Elephant Nature Park in Chiang Mai is one of the best experiences you can have while traveling in Thailand. It is a rescue and rehabilitation center that cares for elephants, dogs, cats and other animals in need of a good home.
Before committing to one of these sanctuaries, I did a load of research to be sure that I selected a legitimate organization. I wanted my tourist dollars (or baht in this case) to help a group that actually made a difference in the lives of local wildlife. Many places throughout Thailand simply use animals to generate income regardless of how the animals are treated.
I didn’t want to visit a place that allowed tourists to ride on the elephants – with or without a wooden basket. Other places trained elephants to put on a show or to paint pictures with a paintbrush. I was looking for a place where these battered and abused elephants could live out the rest of their days in peace, and Elephant Nature Center seemed to be the place.

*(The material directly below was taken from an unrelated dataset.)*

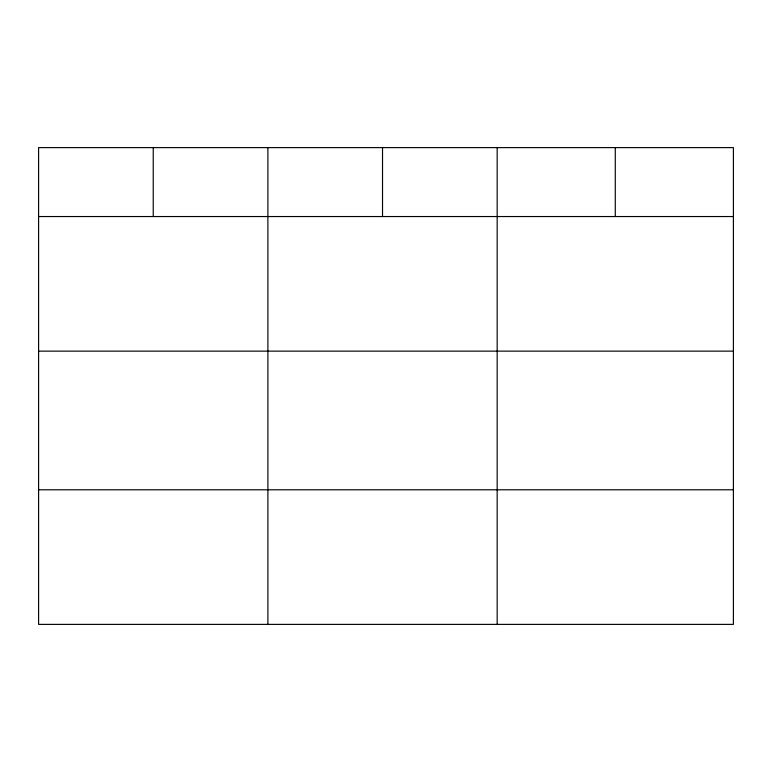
<?xml version="1.0" encoding="UTF-8"?>
<svg xmlns="http://www.w3.org/2000/svg" width="772" height="772" viewBox="0 0 772 772"><rect width="100%" height="100%" fill="white"/><g stroke="black" fill="none" stroke-linecap="round" stroke-linejoin="round"><path stroke-width="1.16" d="M733.4 351.135L733.4 147.616L38.6 147.616L38.6 624.384L733.4 624.384L733.4 351.135L38.6 351.135M38.6 216.546L733.4 216.546M38.6 489.795L733.4 489.795M615.284 147.616L615.284 216.546M497.168 147.616L497.168 624.384M382.526 147.616L382.526 216.546M267.884 147.616L267.884 624.384M153.242 147.616L153.242 216.546"/></g></svg>

On the way to the shelter, we watched a documentary about the sanctuary. It gave us a solid base and background about the elephant situation in places like Thailand. In the past when logging was legal, elephants were often used to haul the logs from place to place. Mahoots owned them and would train them to obey their commands. However, training methods could be very physically, mentally and emotionally abusive.
When we arrived we hand fed the elephants. We stood atop the main wooden structure while elephants and their trainers arrived. The elephants lined up in front of us and stretched their trunks over the beam grasping for all the fruits they could get. We fed them bananas, watermelon and sugarcane.
Later, we got into the river with the huge elephants for their daily baths. Armed with plastic buckets, we tossed water on them (and each other). But, we all had a great time and I’m sure they elephants did too.
During one part of the presentation, we met a female elephant whose hind hips were obviously misaligned. Our guide told us that she broke her pelvis while in the care of a logger who wanted to forcibly mate her. Her potential mate was a very large male who took his aggression out on her. I was sad to hear and see the results of this story. There were so many stories and physical examples of animal cruelty, but I was glad that the Elephant Nature Park worked to stop this type of abuse.
The Park even had a program for long-term volunteers. These volunteers stayed on-site and helped to care for the elephants and other animals. I wish I had more time to do something like this. It would be a great way to spend a few weeks. I’ll definitely plan for more activities like this in the future. So, if you’re in northern Thailand and seeking an authentic experience where your actions can directly affect the care of animals, a visit to Elephant Nature Park should be at the top of your list.